Мерлин, какая она красивая! И это все могло бы стать моим еще двенадцать лет назад! Я мог бы стать первым. Ничего. Это неважно. Главное, что я с ней. И она хочет меня. Она сама сказала. И этому можно верить, учитывая, что она везде. Её губы и руки везде. И длинные шелковые волосы, с которых я лично снял какую-то дурацкую резинку. От неё не пахнет никаким дезодорантом, только кожей. Теплой человеческой кожей и чуть-чуть потом…и женщиной. От неё пахнет женщиной. Странно было бы, если бы пахло полынью. Я сделаю ей потом такие духи. Как в романе, ей пойдет. Но это потом,…потом. Сейчас я хочу целовать и ощущать поцелуи, касаться, и чтоб меня касались в ответ. Я хочу заниматься ЛЮБОВЬЮ. Вдвоем.
….
Боже, я все-таки первый! Она ждала меня!
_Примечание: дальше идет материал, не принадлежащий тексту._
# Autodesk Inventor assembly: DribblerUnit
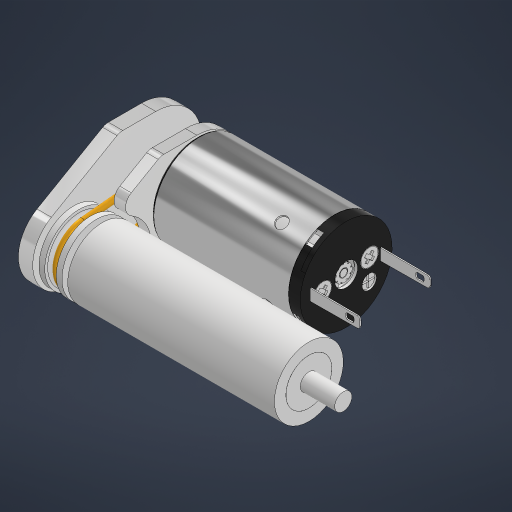
[picture p0: Inventor's stored thumbnail of the model, 512x512]
Saved by Autodesk Inventor 2024.2 (Build 282272000, 272)
## iProperties
Created: 2023-12-27
Part Number: DribblerUnit
Document SubType Name: Assembly
Designer: Hanaoka
Author: Hanaoka
## Documents named in this file (11)
- G:\共有ドライブ\reRo\05_個人\hanaoka\inventor\DribblerUnit\DribblerUnit.iam
- G:\共有ドライブ\reRo\05_個人\hanaoka\inventor\DribblerUnit\Dribbler_Tube.ipt
- G:\共有ドライブ\reRo\05_個人\hanaoka\inventor\DribblerUnit\Shaft_350.ipt
- G:\共有ドライブ\reRo\05_個人\hanaoka\inventor\DribblerUnit\Bearing_C-FL673ZZ\Bearing_C-FL673ZZ.ipt
- G:\共有ドライブ\reRo\05_個人\hanaoka\inventor\DribblerUnit\Tube_Hub.ipt
- G:\共有ドライブ\reRo\05_個人\hanaoka\inventor\DribblerUnit\Althonix16dct\Althonix16dct.ipt
- G:\共有ドライブ\reRo\05_個人\hanaoka\inventor\HandleUnit\GearCover.ipt
- G:\共有ドライブ\reRo\05_個人\hanaoka\inventor\Spacer\Pulley_Small.ipt
- G:\共有ドライブ\reRo\05_個人\hanaoka\inventor\Spacer\Pulley_Big.ipt
- G:\共有ドライブ\reRo\05_個人\hanaoka\inventor\PCBs\Motor_Mount.ipt
- G:\共有ドライブ\reRo\05_個人\hanaoka\inventor\PCBs\Belt.ipt
## Components (10 placed, 10 different names)
1. Dribbler_Tube:1 — 挿入:12
2. Shaft_350:1 — 挿入:1, 挿入:10, 挿入:13
3. Bearing_C-FL673ZZ:1 — 挿入:1, 挿入:6
4. Tube_Hub:1 — 挿入:12, 挿入:13
5. Althonix16dct:1 — 挿入:9, 挿入:11, メイト:1
6. GearCover:1 — 挿入:6
7. Pulley_Small:1 — 挿入:9
8. Pulley_Big:1 — 挿入:10
9. Motor_Mount:1 — 挿入:11, メイト:1
10. Belt:1
## Relationships (8: Insert 7, Mate 1)
- 挿入:1 [Insert]: Shaft_350:1 ↔ Bearing_C-FL673ZZ:1
- 挿入:6 [Insert]: Bearing_C-FL673ZZ:1 ↔ GearCover:1
- 挿入:9 [Insert] (1 mm): Althonix16dct:1 ↔ Pulley_Small:1
- 挿入:10 [Insert] (3 mm): Shaft_350:1 ↔ Pulley_Big:1
- 挿入:11 [Insert]: Althonix16dct:1 ↔ Motor_Mount:1
- メイト:1 [Mate]: Althonix16dct:1 ↔ Motor_Mount:1
- 挿入:12 [Insert]: Dribbler_Tube:1 ↔ Tube_Hub:1
- 挿入:13 [Insert] (8 mm): Shaft_350:1 ↔ Tube_Hub:1
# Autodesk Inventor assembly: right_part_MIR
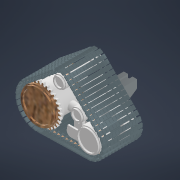
[picture p0: Inventor's stored thumbnail of the model, 180x180]
Saved by Autodesk Inventor 2022 (Build 260153000, 153)
## iProperties
Created: 2021-12-31
Part Number: right_part_MIR
Document SubType Name: Assembly
Designer: MatusBarany
Author: MatusBarany
## Documents named in this file (12)
- C:\Users\MatusBarany\Documents\Inventor\wall-e\matus\right_part_MIR.iam
- C:\Users\Public\Documents\Autodesk\Inventor 2022\Projects\wall-e\wheel connector_MIR.ipt
- C:\Users\Public\Documents\Autodesk\Inventor 2022\Projects\wall-e\under walle L3_MIR.ipt
- C:\Users\Public\Documents\Autodesk\Inventor 2022\Projects\wall-e\uchytka_spojky_medzi_velkym_strednym_MIR.ipt
- C:\Users\Public\Documents\Autodesk\Inventor 2022\Projects\wall-e\spojka_pol_velke_koleso_MIR.ipt
- C:\Users\Public\Documents\Autodesk\Inventor 2022\Projects\wall-e\spojka_pol_stredne_koleso_MIR.ipt
- C:\Users\Public\Documents\Autodesk\Inventor 2022\Projects\wall-e\velke_koleso_MIR.ipt
- C:\Users\Public\Documents\Autodesk\Inventor 2022\Projects\wall-e\stredne_koleso_MIR.ipt
- C:\Users\Public\Documents\Autodesk\Inventor 2022\Projects\wall-e\male_koliesko_MIR.ipt
- C:\Users\Public\Documents\Autodesk\Inventor 2022\Projects\wall-e\spojka_male_koleso_MIR.ipt
- C:\Users\Public\Documents\Autodesk\Inventor 2022\Projects\wall-e\chain right_MIR.ipt
- C:\Users\Public\Documents\Autodesk\Inventor 2022\Projects\wall-e\onePart_chain_MIR.ipt
## Components (68 placed, 11 different names)
1. wheel connector_MIR:1 — Mate:3, Mate:2, Mate:1, Mate:6, Mate:5, Mate:4, Rotational:1
2. under walle L3_MIR:1 — Mate:3, Mate:2, Mate:1
3. uchytka_spojky_medzi_velkym_strednym_MIR:1 — Mate:6, Mate:5, Mate:4, Mate:7, Cylindrical:1
4. spojka_pol_velke_koleso_MIR:1 — Mate:7, Flush:2, Flush:1, Mate:8, Cylindrical:1, Rigid:1, Rigid:2
5. spojka_pol_stredne_koleso_MIR:1 — Flush:2, Flush:1, Mate:8, Rigid:3, Rigid:4
6. velke_koleso_MIR:1 — Flush:3, Rigid:1
7. velke_koleso_MIR:2 — Rigid:2
8. stredne_koleso_MIR:1 — Rigid:3
9. stredne_koleso_MIR:2 — Rigid:4
10. male_koliesko_MIR:1 — Rigid:6
11. male_koliesko_MIR:2 — Rigid:9
12. male_koliesko_MIR:3 — Rigid:8
13. male_koliesko_MIR:4 — Rigid:7
14. spojka_male_koleso_MIR:1 — Rotational:1, Rigid:9, Rigid:8, Rigid:7, Rigid:6
15. chain right_MIR:1 — Mate:10, Mate:9, Flush:6, Flush:5, Flush:4
16. onePart_chain_MIR:1 — Mate:10, Mate:9, Flush:6
17. onePart_chain_MIR:2
18. onePart_chain_MIR:3
19. onePart_chain_MIR:4
20. onePart_chain_MIR:5
21. onePart_chain_MIR:6
22. onePart_chain_MIR:7
23. onePart_chain_MIR:8
24. onePart_chain_MIR:9
25. onePart_chain_MIR:10
26. onePart_chain_MIR:11
27. onePart_chain_MIR:12
28. onePart_chain_MIR:13
29. onePart_chain_MIR:14
30. onePart_chain_MIR:15
31. onePart_chain_MIR:16
32. onePart_chain_MIR:17
33. onePart_chain_MIR:18
34. onePart_chain_MIR:19
35. onePart_chain_MIR:20
36. onePart_chain_MIR:21
37. onePart_chain_MIR:22
38. onePart_chain_MIR:23
39. onePart_chain_MIR:24
40. onePart_chain_MIR:25
41. onePart_chain_MIR:26
42. onePart_chain_MIR:27
43. onePart_chain_MIR:28
44. onePart_chain_MIR:29
45. onePart_chain_MIR:30
46. onePart_chain_MIR:31
47. onePart_chain_MIR:32
48. onePart_chain_MIR:33
49. onePart_chain_MIR:34
50. onePart_chain_MIR:35
51. onePart_chain_MIR:36
52. onePart_chain_MIR:37
53. onePart_chain_MIR:38
54. onePart_chain_MIR:39
55. onePart_chain_MIR:40
56. onePart_chain_MIR:41
57. onePart_chain_MIR:42
58. onePart_chain_MIR:43
59. onePart_chain_MIR:44
60. onePart_chain_MIR:45
61. onePart_chain_MIR:46
62. onePart_chain_MIR:47
63. onePart_chain_MIR:48
64. onePart_chain_MIR:49
65. onePart_chain_MIR:50
66. onePart_chain_MIR:51
67. onePart_chain_MIR:52
68. onePart_chain_MIR:53
## Relationships (26: Mate 12, WeldJoint 8, Flush 4, CylindricalJoint 1, RevoluteJoint 1)
- Mate:3: wheel connector_MIR:1 ↔ under walle L3_MIR:1
- Mate:2: wheel connector_MIR:1 ↔ under walle L3_MIR:1
- Mate:1: wheel connector_MIR:1 ↔ under walle L3_MIR:1
- Mate:6: wheel connector_MIR:1 ↔ uchytka_spojky_medzi_velkym_strednym_MIR:1
- Mate:5: wheel connector_MIR:1 ↔ uchytka_spojky_medzi_velkym_strednym_MIR:1
- Mate:4: wheel connector_MIR:1 ↔ uchytka_spojky_medzi_velkym_strednym_MIR:1
- Mate:7: uchytka_spojky_medzi_velkym_strednym_MIR:1 ↔ spojka_pol_velke_koleso_MIR:1
- Flush:2: spojka_pol_velke_koleso_MIR:1 ↔ spojka_pol_stredne_koleso_MIR:1
- Flush:1: spojka_pol_velke_koleso_MIR:1 ↔ spojka_pol_stredne_koleso_MIR:1
- Mate:8: spojka_pol_velke_koleso_MIR:1 ↔ spojka_pol_stredne_koleso_MIR:1
- Flush:3 (-1.5 mm): velke_koleso_MIR:1
- Mate:10: chain right_MIR:1 ↔ onePart_chain_MIR:1
- Mate:9: chain right_MIR:1 ↔ onePart_chain_MIR:1
- Flush:6: chain right_MIR:1 ↔ onePart_chain_MIR:1
- Flush:5 [Mate]: chain right_MIR:1
- Flush:4 [Mate]: chain right_MIR:1
- Cylindrical:1: uchytka_spojky_medzi_velkym_strednym_MIR:1 ↔ spojka_pol_velke_koleso_MIR:1
- Rigid:1 [WeldJoint]: spojka_pol_velke_koleso_MIR:1 ↔ velke_koleso_MIR:1
- Rigid:2 [WeldJoint]: spojka_pol_velke_koleso_MIR:1 ↔ velke_koleso_MIR:2
- Rigid:3 [WeldJoint]: spojka_pol_stredne_koleso_MIR:1 ↔ stredne_koleso_MIR:1
- Rigid:4 [WeldJoint]: spojka_pol_stredne_koleso_MIR:1 ↔ stredne_koleso_MIR:2
- Rotational:1 [RevoluteJoint]: wheel connector_MIR:1 ↔ spojka_male_koleso_MIR:1
- Rigid:9 [WeldJoint]: male_koliesko_MIR:2 ↔ spojka_male_koleso_MIR:1
- Rigid:8 [WeldJoint]: male_koliesko_MIR:3 ↔ spojka_male_koleso_MIR:1
- Rigid:7 [WeldJoint]: male_koliesko_MIR:4 ↔ spojka_male_koleso_MIR:1
- Rigid:6 [WeldJoint]: male_koliesko_MIR:1 ↔ spojka_male_koleso_MIR:1

Моя…хорошая…милая…любимая…ненаглядная….
- Что ж ты не предупредила меня, глупая? Я был бы осторожнее.
- Да все уже. Чего теперь переживать? Уже все в порядке. Ну хочешь, я тебя в рамках страшной мести за нос укушу?
Смешная. Не надо меня кусать. Но лучше бы предупредила. Тогда ей вовсе не было бы больно. О Мерлин. Я забыл…о зельи забыл, да у меня его и не было. И хорошо, что не было. Потому что если что, у меня всегда будет повод принять участие в её жизни. Меня уже нельзя будет отправить куда подальше полностью и насовсем. Надо дальше. Теперь я знаю, что надо осторожно. Лучше позно, чем никогда.
…..
- Я… Тебе очень больно было?
- Неа.
Мотает головой и улыбается. Господи боже, она сама этого хотела, это же просто здорово. Жалко, что сейчас не лето. Пришлось её сразу по окончании укутывать в одеяло. Я её совсем не вижу, только ощущаю, как она прижимается ко мне теплым и мягким телом. Но я помню. У неё маленькие розовые соски и нигде не торчат кости. И кожа белая без следов загара. И никакой чертовой эпиляции и прочей интимной стрижки. А еще у неё волосы почти как у святой Инессы. Короче, конечно, ну так ведь и цели у этих волос совсем другие. Моя женщина.
- Ты очень красивая.
- А?
Сонные глаза. Она уже сопит, оказывается, пока я тут светлым воспоминаниям предаюсь.
- Спи, любимая.
Ну вот. Я это сказал-таки вслух. Все-таки мы и вправду друг другу предназначены. Иначе я бы так легко от этого гадкого рефлекса не отделался. И разводить меня на такие слова пришлось бы как минимум год. И то не факт, что удалось бы. Дик меня полгода приручал, прежде чем я перестал хотя бы просто огрызаться. А на то, чтоб я признал его сыном вообще ушло почти полтора. Признал. И что теперь? Что мне дальше-то делать? Все это оказалось впустую. У меня нет больше детей. Даже если появятся мои собственные, я все равно буду тосковать по этим. По старшим. Потому что они тоже мои, несмотря на то, что я не принимал никакого участия в их зачатии. Потому что они как обязательная часть фигурировали в том, что я загадал тем Рождеством, получив титул бобового короля. А ведь кое-что начинает-таки сбываться. Во всяком случае рядом со мной лежит сейчас женщина, похожая на донну Франческу. Моя любимая женщина. И у неё на пальце мое кольцо. Фактически это означает, что мы обручены. Но мои дети все равно не вернутся, потому что я им не нужен.
- Чего ты вздыхаешь?
- А? Ты не спишь?
- Ты с меня весь сон согнал.
- Каким образом?
- Меня первый раз в жизни назвали любимой. Так что я лежу и смакую. То есть я это делала, пока ты не вздохнул. Что случилось? Оплакиваешь свою загубленную жизнь, где теперь придется слегка потеснить колбы и пробирки?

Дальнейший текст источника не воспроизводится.